Team-Development und Leadership- Development

Welches Trainingsformat passt, wenn Unternehmen im Zuge eines Veränderungsprojektes ihre Teams neu formieren und zugleich neue Führungsleitlinien etablieren wollen? In einem solchen Fall können Sie mit Großgruppen arbeiten. Sie fassen alle Führungskräfte einer Ebene zusammen – seien es 15, 100 oder 400 – und beschreiben den neuen Rahmen, in dem sich das Unternehmen bewegt, also seine Ausrichtungen, Strategien und Ziele. Innerhalb dieses Rahmens, den der unmittelbare Vorgesetzte vorgibt, entwickelt die gesamte Hierarchieebene eine neue Führungsidentität. Noch in derselben Veranstaltung bilden die Führungskräfte regionale oder produktgruppenbezogene Kleingruppen, die sich individuell überlegen, was die erarbeiteten Ergebnisse für sie bedeuten. In der Folge erhalten sie in der Großgruppe Methoden an die Hand, die sie dann in der Kleingruppe maßgeschneidert auf ihren Kontext und ihre anstehenden Themen anwenden. Dieses Trainingsformat bedarf der Erfahrung, ist aber ein perfektes Design, wenn Veränderungen – wie in so vielen Unternehmen – rasch umgesetzt werden sollen.

Short-Cut-Format

In der Kürze liegt die Würze, haben wir durch die Anwendung des Short-Cut-Formats nach Oliver Bartels erfahren.

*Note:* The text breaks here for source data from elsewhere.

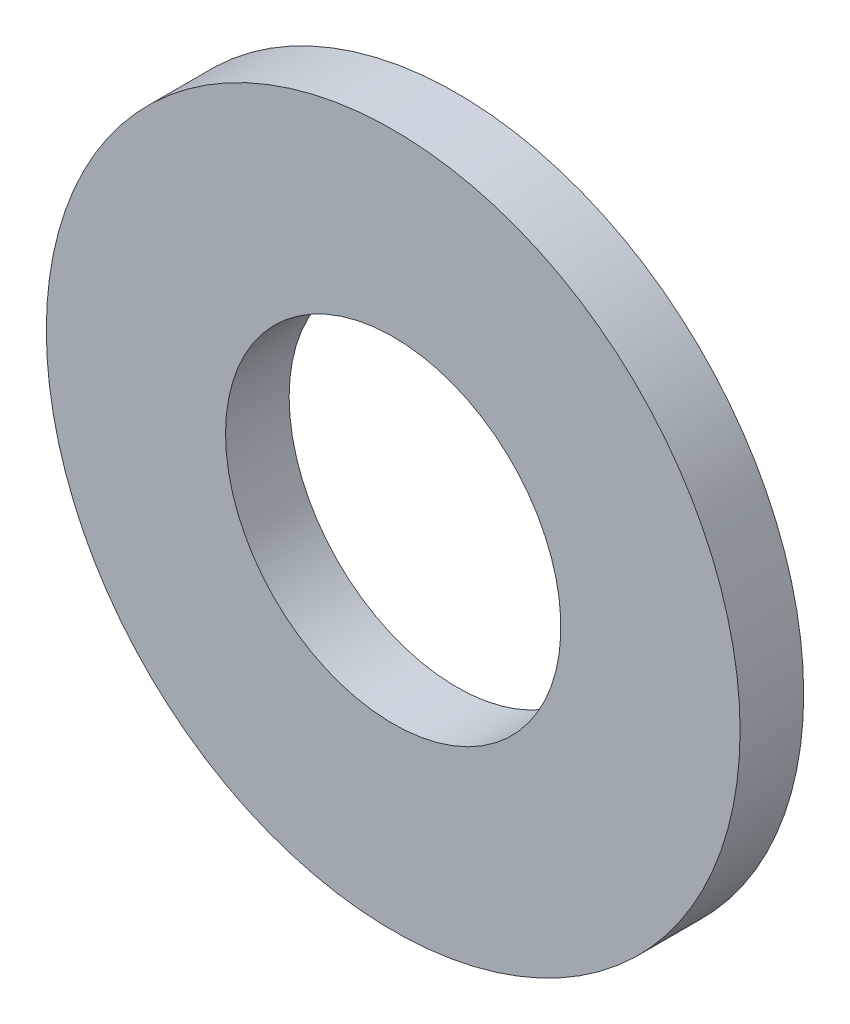
ISO-10303-21;
HEADER;
FILE_DESCRIPTION(('STEP AP214'),'2;1');
FILE_NAME('part.step','',(''),(''),'','','');
FILE_SCHEMA(('AUTOMOTIVE_DESIGN { 1 0 10303 214 1 1 1 1 }'));
ENDSEC;
DATA;
#1=APPLICATION_CONTEXT('core data for automotive mechanical design processes');
#2=APPLICATION_PROTOCOL_DEFINITION('international standard','automotive_design',2000,#1);
#3=PRODUCT_CONTEXT('',#1,'mechanical');
#4=PRODUCT('Part','Part','',(#3));
#5=PRODUCT_RELATED_PRODUCT_CATEGORY('part','',(#4));
#6=PRODUCT_DEFINITION_FORMATION('','',#4);
#7=PRODUCT_DEFINITION_CONTEXT('part definition',#1,'design');
#8=PRODUCT_DEFINITION('design','',#6,#7);
#9=PRODUCT_DEFINITION_SHAPE('','',#8);
#10=(LENGTH_UNIT() NAMED_UNIT(*) SI_UNIT(.MILLI.,.METRE.));
#11=(NAMED_UNIT(*) PLANE_ANGLE_UNIT() SI_UNIT($,.RADIAN.));
#12=(NAMED_UNIT(*) SI_UNIT($,.STERADIAN.) SOLID_ANGLE_UNIT());
#13=UNCERTAINTY_MEASURE_WITH_UNIT(LENGTH_MEASURE(1.E-05),#10,'distance_accuracy_value','');
#14=(GEOMETRIC_REPRESENTATION_CONTEXT(3) GLOBAL_UNCERTAINTY_ASSIGNED_CONTEXT((#13)) GLOBAL_UNIT_ASSIGNED_CONTEXT((#10,
#11,#12)) REPRESENTATION_CONTEXT('',''));
#15=CARTESIAN_POINT('',(0.,0.,0.));
#16=DIRECTION('',(0.,0.,1.));
#17=DIRECTION('',(1.,0.,0.));
#18=AXIS2_PLACEMENT_3D('',#15,#16,#17);
#19=CARTESIAN_POINT('',(0.,0.,0.275000000000001));
#20=DIRECTION('',(0.,0.,1.));
#21=DIRECTION('',(1.,0.,0.));
#22=AXIS2_PLACEMENT_3D('',#19,#20,#21);
#23=PLANE('',#22);
#24=CARTESIAN_POINT('',(0.,0.,0.275000000000001));
#25=DIRECTION('',(0.,0.,1.));
#26=DIRECTION('',(1.,0.,0.));
#27=AXIS2_PLACEMENT_3D('',#24,#25,#26);
#28=CIRCLE('',#27,3.);
#29=CARTESIAN_POINT('',(-3.,0.,0.275000000000001));
#30=VERTEX_POINT('',#29);
#31=EDGE_CURVE('E10',#30,#30,#28,.T.);
#32=ORIENTED_EDGE('',*,*,#31,.T.);
#33=EDGE_LOOP('',(#32));
#34=FACE_BOUND('',#33,.T.);
#35=CARTESIAN_POINT('',(0.,0.,0.275000000000001));
#36=DIRECTION('',(0.,0.,1.));
#37=DIRECTION('',(1.,0.,0.));
#38=AXIS2_PLACEMENT_3D('',#35,#36,#37);
#39=CIRCLE('',#38,1.45);
#40=CARTESIAN_POINT('',(-1.45,0.,0.275000000000001));
#41=VERTEX_POINT('',#40);
#42=EDGE_CURVE('E46',#41,#41,#39,.T.);
#43=ORIENTED_EDGE('',*,*,#42,.F.);
#44=EDGE_LOOP('',(#43));
#45=FACE_BOUND('',#44,.T.);
#46=ADVANCED_FACE('F38',(#34,#45),#23,.T.);
#47=CARTESIAN_POINT('',(0.,0.,0.275000000000001));
#48=DIRECTION('',(0.,0.,-1.));
#49=DIRECTION('',(-1.,0.,0.));
#50=AXIS2_PLACEMENT_3D('',#47,#48,#49);
#51=CYLINDRICAL_SURFACE('',#50,3.);
#52=CARTESIAN_POINT('',(0.,0.,-0.274999999999999));
#53=DIRECTION('',(0.,0.,1.));
#54=DIRECTION('',(1.,0.,0.));
#55=AXIS2_PLACEMENT_3D('',#52,#53,#54);
#56=CIRCLE('',#55,3.);
#57=CARTESIAN_POINT('',(-3.,0.,-0.274999999999999));
#58=VERTEX_POINT('',#57);
#59=EDGE_CURVE('E52',#58,#58,#56,.T.);
#60=CARTESIAN_POINT('',(-3.,0.,0.275000000000001));
#61=CARTESIAN_POINT('',(-3.,0.,0.269270833333334));
#62=CARTESIAN_POINT('',(-3.,0.,0.263541666666667));
#63=CARTESIAN_POINT('',(-3.,0.,0.252083333333334));
#64=CARTESIAN_POINT('',(-3.,0.,0.246354166666667));
#65=CARTESIAN_POINT('',(-3.,0.,0.234895833333334));
#66=CARTESIAN_POINT('',(-3.,0.,0.229166666666667));
#67=CARTESIAN_POINT('',(-3.,0.,0.217708333333334));
#68=CARTESIAN_POINT('',(-3.,0.,0.211979166666667));
#69=CARTESIAN_POINT('',(-3.,0.,0.200520833333334));
#70=CARTESIAN_POINT('',(-3.,0.,0.194791666666667));
#71=CARTESIAN_POINT('',(-3.,0.,0.183333333333334));
#72=CARTESIAN_POINT('',(-3.,0.,0.177604166666667));
#73=CARTESIAN_POINT('',(-3.,0.,0.166145833333334));
#74=CARTESIAN_POINT('',(-3.,0.,0.160416666666667));
#75=CARTESIAN_POINT('',(-3.,0.,0.148958333333334));
#76=CARTESIAN_POINT('',(-3.,0.,0.143229166666667));
#77=CARTESIAN_POINT('',(-3.,0.,0.131770833333334));
#78=CARTESIAN_POINT('',(-3.,0.,0.126041666666667));
#79=CARTESIAN_POINT('',(-3.,0.,0.114583333333334));
#80=CARTESIAN_POINT('',(-3.,0.,0.108854166666667));
#81=CARTESIAN_POINT('',(-3.,0.,0.0973958333333338));
#82=CARTESIAN_POINT('',(-3.,0.,0.0916666666666672));
#83=CARTESIAN_POINT('',(-3.,0.,0.0802083333333338));
#84=CARTESIAN_POINT('',(-3.,0.,0.0744791666666672));
#85=CARTESIAN_POINT('',(-3.,0.,0.0630208333333338));
#86=CARTESIAN_POINT('',(-3.,0.,0.0572916666666672));
#87=CARTESIAN_POINT('',(-3.,0.,0.0458333333333338));
#88=CARTESIAN_POINT('',(-3.,0.,0.0401041666666672));
#89=CARTESIAN_POINT('',(-3.,0.,0.0286458333333338));
#90=CARTESIAN_POINT('',(-3.,0.,0.0229166666666672));
#91=CARTESIAN_POINT('',(-3.,0.,0.0114583333333338));
#92=CARTESIAN_POINT('',(-3.,0.,0.00572916666666716));
#93=CARTESIAN_POINT('',(-3.,0.,-0.00572916666666618));
#94=CARTESIAN_POINT('',(-3.,0.,-0.0114583333333328));
#95=CARTESIAN_POINT('',(-3.,0.,-0.0229166666666662));
#96=CARTESIAN_POINT('',(-3.,0.,-0.0286458333333329));
#97=CARTESIAN_POINT('',(-3.,0.,-0.0401041666666662));
#98=CARTESIAN_POINT('',(-3.,0.,-0.0458333333333329));
#99=CARTESIAN_POINT('',(-3.,0.,-0.0572916666666662));
#100=CARTESIAN_POINT('',(-3.,0.,-0.0630208333333329));
#101=CARTESIAN_POINT('',(-3.,0.,-0.0744791666666662));
#102=CARTESIAN_POINT('',(-3.,0.,-0.0802083333333329));
#103=CARTESIAN_POINT('',(-3.,0.,-0.0916666666666662));
#104=CARTESIAN_POINT('',(-3.,0.,-0.0973958333333329));
#105=CARTESIAN_POINT('',(-3.,0.,-0.108854166666666));
#106=CARTESIAN_POINT('',(-3.,0.,-0.114583333333333));
#107=CARTESIAN_POINT('',(-3.,0.,-0.126041666666666));
#108=CARTESIAN_POINT('',(-3.,0.,-0.131770833333333));
#109=CARTESIAN_POINT('',(-3.,0.,-0.143229166666666));
#110=CARTESIAN_POINT('',(-3.,0.,-0.148958333333333));
#111=CARTESIAN_POINT('',(-3.,0.,-0.160416666666666));
#112=CARTESIAN_POINT('',(-3.,0.,-0.166145833333333));
#113=CARTESIAN_POINT('',(-3.,0.,-0.177604166666666));
#114=CARTESIAN_POINT('',(-3.,0.,-0.183333333333333));
#115=CARTESIAN_POINT('',(-3.,0.,-0.194791666666666));
#116=CARTESIAN_POINT('',(-3.,0.,-0.200520833333333));
#117=CARTESIAN_POINT('',(-3.,0.,-0.211979166666666));
#118=CARTESIAN_POINT('',(-3.,0.,-0.217708333333333));
#119=CARTESIAN_POINT('',(-3.,0.,-0.229166666666666));
#120=CARTESIAN_POINT('',(-3.,0.,-0.234895833333333));
#121=CARTESIAN_POINT('',(-3.,0.,-0.246354166666666));
#122=CARTESIAN_POINT('',(-3.,0.,-0.252083333333333));
#123=CARTESIAN_POINT('',(-3.,0.,-0.263541666666666));
#124=CARTESIAN_POINT('',(-3.,0.,-0.269270833333333));
#125=CARTESIAN_POINT('',(-3.,0.,-0.274999999999999));
#126=B_SPLINE_CURVE_WITH_KNOTS('',3,(#60,#61,#62,#63,#64,#65,#66,#67,#68,#69,#70,#71,#72,#73,
#74,#75,#76,#77,#78,#79,#80,#81,#82,#83,#84,#85,#86,#87,#88,#89,#90,#91,#92,#93,#94,#95,#96,#97,
#98,#99,#100,#101,#102,#103,#104,#105,#106,#107,#108,#109,#110,#111,#112,#113,#114,#115,#116,
#117,#118,#119,#120,#121,#122,#123,#124,#125),.UNSPECIFIED.,.F.,.F.,(4,2,2,2,2,2,2,2,2,2,2,2,2,
2,2,2,2,2,2,2,2,2,2,2,2,2,2,2,2,2,2,2,4),(0.,0.0171874999999999,0.034375,0.0515625,0.06875,
0.0859375,0.103125,0.1203125,0.1375,0.1546875,0.171875,0.1890625,0.20625,0.2234375,0.240625,
0.2578125,0.275,0.2921875,0.309375,0.3265625,0.34375,0.3609375,0.378125,0.3953125,0.4125,
0.4296875,0.446875,0.4640625,0.48125,0.4984375,0.515625,0.5328125,0.55),.UNSPECIFIED.);
#127=EDGE_CURVE('BSEAM40',#30,#58,#126,.T.);
#128=ORIENTED_EDGE('',*,*,#31,.F.);
#129=ORIENTED_EDGE('',*,*,#59,.T.);
#130=ORIENTED_EDGE('',*,*,#127,.T.);
#131=ORIENTED_EDGE('',*,*,#127,.F.);
#132=EDGE_LOOP('',(#128,#130,#129,#131));
#133=FACE_BOUND('',#132,.T.);
#134=ADVANCED_FACE('F40',(#133),#51,.T.);
#135=CARTESIAN_POINT('',(0.,0.,0.275000000000001));
#136=DIRECTION('',(0.,0.,-1.));
#137=DIRECTION('',(-1.,0.,0.));
#138=AXIS2_PLACEMENT_3D('',#135,#136,#137);
#139=CYLINDRICAL_SURFACE('',#138,1.45);
#140=CARTESIAN_POINT('',(0.,0.,-0.274999999999999));
#141=DIRECTION('',(0.,0.,1.));
#142=DIRECTION('',(1.,0.,0.));
#143=AXIS2_PLACEMENT_3D('',#140,#141,#142);
#144=CIRCLE('',#143,1.45);
#145=CARTESIAN_POINT('',(-1.45,0.,-0.274999999999999));
#146=VERTEX_POINT('',#145);
#147=EDGE_CURVE('E58',#146,#146,#144,.T.);
#148=CARTESIAN_POINT('',(-1.45,0.,0.275000000000001));
#149=CARTESIAN_POINT('',(-1.45,0.,0.269270833333334));
#150=CARTESIAN_POINT('',(-1.45,0.,0.263541666666667));
#151=CARTESIAN_POINT('',(-1.45,0.,0.252083333333334));
#152=CARTESIAN_POINT('',(-1.45,0.,0.246354166666667));
#153=CARTESIAN_POINT('',(-1.45,0.,0.234895833333334));
#154=CARTESIAN_POINT('',(-1.45,0.,0.229166666666667));
#155=CARTESIAN_POINT('',(-1.45,0.,0.217708333333334));
#156=CARTESIAN_POINT('',(-1.45,0.,0.211979166666667));
#157=CARTESIAN_POINT('',(-1.45,0.,0.200520833333334));
#158=CARTESIAN_POINT('',(-1.45,0.,0.194791666666667));
#159=CARTESIAN_POINT('',(-1.45,0.,0.183333333333334));
#160=CARTESIAN_POINT('',(-1.45,0.,0.177604166666667));
#161=CARTESIAN_POINT('',(-1.45,0.,0.166145833333334));
#162=CARTESIAN_POINT('',(-1.45,0.,0.160416666666667));
#163=CARTESIAN_POINT('',(-1.45,0.,0.148958333333334));
#164=CARTESIAN_POINT('',(-1.45,0.,0.143229166666667));
#165=CARTESIAN_POINT('',(-1.45,0.,0.131770833333334));
#166=CARTESIAN_POINT('',(-1.45,0.,0.126041666666667));
#167=CARTESIAN_POINT('',(-1.45,0.,0.114583333333334));
#168=CARTESIAN_POINT('',(-1.45,0.,0.108854166666667));
#169=CARTESIAN_POINT('',(-1.45,0.,0.0973958333333338));
#170=CARTESIAN_POINT('',(-1.45,0.,0.0916666666666672));
#171=CARTESIAN_POINT('',(-1.45,0.,0.0802083333333338));
#172=CARTESIAN_POINT('',(-1.45,0.,0.0744791666666672));
#173=CARTESIAN_POINT('',(-1.45,0.,0.0630208333333338));
#174=CARTESIAN_POINT('',(-1.45,0.,0.0572916666666672));
#175=CARTESIAN_POINT('',(-1.45,0.,0.0458333333333338));
#176=CARTESIAN_POINT('',(-1.45,0.,0.0401041666666672));
#177=CARTESIAN_POINT('',(-1.45,0.,0.0286458333333338));
#178=CARTESIAN_POINT('',(-1.45,0.,0.0229166666666672));
#179=CARTESIAN_POINT('',(-1.45,0.,0.0114583333333339));
#180=CARTESIAN_POINT('',(-1.45,0.,0.00572916666666721));
#181=CARTESIAN_POINT('',(-1.45,0.,-0.00572916666666613));
#182=CARTESIAN_POINT('',(-1.45,0.,-0.0114583333333328));
#183=CARTESIAN_POINT('',(-1.45,0.,-0.0229166666666661));
#184=CARTESIAN_POINT('',(-1.45,0.,-0.0286458333333328));
#185=CARTESIAN_POINT('',(-1.45,0.,-0.0401041666666661));
#186=CARTESIAN_POINT('',(-1.45,0.,-0.0458333333333328));
#187=CARTESIAN_POINT('',(-1.45,0.,-0.0572916666666661));
#188=CARTESIAN_POINT('',(-1.45,0.,-0.0630208333333328));
#189=CARTESIAN_POINT('',(-1.45,0.,-0.0744791666666662));
#190=CARTESIAN_POINT('',(-1.45,0.,-0.0802083333333328));
#191=CARTESIAN_POINT('',(-1.45,0.,-0.0916666666666661));
#192=CARTESIAN_POINT('',(-1.45,0.,-0.0973958333333328));
#193=CARTESIAN_POINT('',(-1.45,0.,-0.108854166666666));
#194=CARTESIAN_POINT('',(-1.45,0.,-0.114583333333333));
#195=CARTESIAN_POINT('',(-1.45,0.,-0.126041666666666));
#196=CARTESIAN_POINT('',(-1.45,0.,-0.131770833333333));
#197=CARTESIAN_POINT('',(-1.45,0.,-0.143229166666666));
#198=CARTESIAN_POINT('',(-1.45,0.,-0.148958333333333));
#199=CARTESIAN_POINT('',(-1.45,0.,-0.160416666666666));
#200=CARTESIAN_POINT('',(-1.45,0.,-0.166145833333333));
#201=CARTESIAN_POINT('',(-1.45,0.,-0.177604166666666));
#202=CARTESIAN_POINT('',(-1.45,0.,-0.183333333333333));
#203=CARTESIAN_POINT('',(-1.45,0.,-0.194791666666666));
#204=CARTESIAN_POINT('',(-1.45,0.,-0.200520833333333));
#205=CARTESIAN_POINT('',(-1.45,0.,-0.211979166666666));
#206=CARTESIAN_POINT('',(-1.45,0.,-0.217708333333333));
#207=CARTESIAN_POINT('',(-1.45,0.,-0.229166666666666));
#208=CARTESIAN_POINT('',(-1.45,0.,-0.234895833333333));
#209=CARTESIAN_POINT('',(-1.45,0.,-0.246354166666666));
#210=CARTESIAN_POINT('',(-1.45,0.,-0.252083333333333));
#211=CARTESIAN_POINT('',(-1.45,0.,-0.263541666666666));
#212=CARTESIAN_POINT('',(-1.45,0.,-0.269270833333333));
#213=CARTESIAN_POINT('',(-1.45,0.,-0.274999999999999));
#214=B_SPLINE_CURVE_WITH_KNOTS('',3,(#148,#149,#150,#151,#152,#153,#154,#155,#156,#157,#158,
#159,#160,#161,#162,#163,#164,#165,#166,#167,#168,#169,#170,#171,#172,#173,#174,#175,#176,#177,
#178,#179,#180,#181,#182,#183,#184,#185,#186,#187,#188,#189,#190,#191,#192,#193,#194,#195,#196,
#197,#198,#199,#200,#201,#202,#203,#204,#205,#206,#207,#208,#209,#210,#211,#212,#213),
.UNSPECIFIED.,.F.,.F.,(4,2,2,2,2,2,2,2,2,2,2,2,2,2,2,2,2,2,2,2,2,2,2,2,2,2,2,2,2,2,2,2,4),(0.,
0.0171875,0.034375,0.0515625,0.06875,0.0859375,0.103125,0.1203125,0.1375,0.1546875,0.171875,
0.1890625,0.20625,0.2234375,0.240625,0.2578125,0.275,0.2921875,0.309375,0.3265625,0.34375,
0.3609375,0.378125,0.3953125,0.4125,0.4296875,0.446875,0.4640625,0.48125,0.4984375,0.515625,
0.5328125,0.55),.UNSPECIFIED.);
#215=EDGE_CURVE('BSEAM69',#41,#146,#214,.T.);
#216=ORIENTED_EDGE('',*,*,#42,.T.);
#217=ORIENTED_EDGE('',*,*,#147,.F.);
#218=ORIENTED_EDGE('',*,*,#215,.T.);
#219=ORIENTED_EDGE('',*,*,#215,.F.);
#220=EDGE_LOOP('',(#216,#218,#217,#219));
#221=FACE_BOUND('',#220,.T.);
#222=ADVANCED_FACE('F69',(#221),#139,.F.);
#223=CARTESIAN_POINT('',(0.,0.,-0.274999999999999));
#224=DIRECTION('',(0.,0.,1.));
#225=DIRECTION('',(1.,0.,0.));
#226=AXIS2_PLACEMENT_3D('',#223,#224,#225);
#227=PLANE('',#226);
#228=ORIENTED_EDGE('',*,*,#147,.T.);
#229=EDGE_LOOP('',(#228));
#230=FACE_BOUND('',#229,.T.);
#231=ORIENTED_EDGE('',*,*,#59,.F.);
#232=EDGE_LOOP('',(#231));
#233=FACE_BOUND('',#232,.T.);
#234=ADVANCED_FACE('F66',(#230,#233),#227,.F.);
#235=CLOSED_SHELL('',(#46,#134,#222,#234));
#236=MANIFOLD_SOLID_BREP('B2',#235);
#237=ADVANCED_BREP_SHAPE_REPRESENTATION('',(#18,#236),#14);
#238=SHAPE_DEFINITION_REPRESENTATION(#9,#237);
ENDSEC;
END-ISO-10303-21;

Mit diesem Modell betreiben Unternehmen Führungskräfteentwicklung auf Raten und in ganz kleinen Dosen. Die Rede ist von sorgfältig zusammengestellten, über das Jahr verteilten Gedankenanstößen, die sich zum Beispiel an internationale Meetings einer Führungsebene anhängen lassen. Drei bis vier Stunden reichen – und vermögen sehr viel zu bewirken. Diese Short-Cut-Trainings vermitteln zunächst einen Gedankenanstoß, den die Teilnehmer dann in Kleingruppen reflektieren und gegebenenfalls auf eine aktuell bestehende Situation beziehen. Sie üben konkrete Praxisfälle anhand der angebotenen Konzepte und erhalten Anregungen für die Umsetzung im Führungsalltag. Das kleine Format lässt sich auch in „traditionelle“ Events – etwa Weihnachtsfeiern oder Betriebsversammlungen – integrieren und kann dort echte Veränderungen bewirken.

Praxistag-Konzept

Der Praxistag ist ein Potpourri von zehn bis 20 Praxis-Kurzworkshops, die sich inhaltlich an den Kernkompetenzen orientieren, die ein Unternehmen benötigt, um seine Ziele zu erreichen. Die Führungskräfte wählen selbst die Workshops aus, die für ihre Praxis besonders relevant sind. In den Veranstaltungen treffen sie auf immer neue Kollegen und haben Gelegenheiten, sich auszutauschen. Der Praxistag eignet sich vor allem für Unternehmen mit vielen Führungskräften, auch unterschiedlicher Hierarchie, die es zu vernetzen gilt. In den Workshops sollten möglichst viele persönliche Fragestellungen aus der Führungspraxis der Teilnehmer zur Sprache kommen.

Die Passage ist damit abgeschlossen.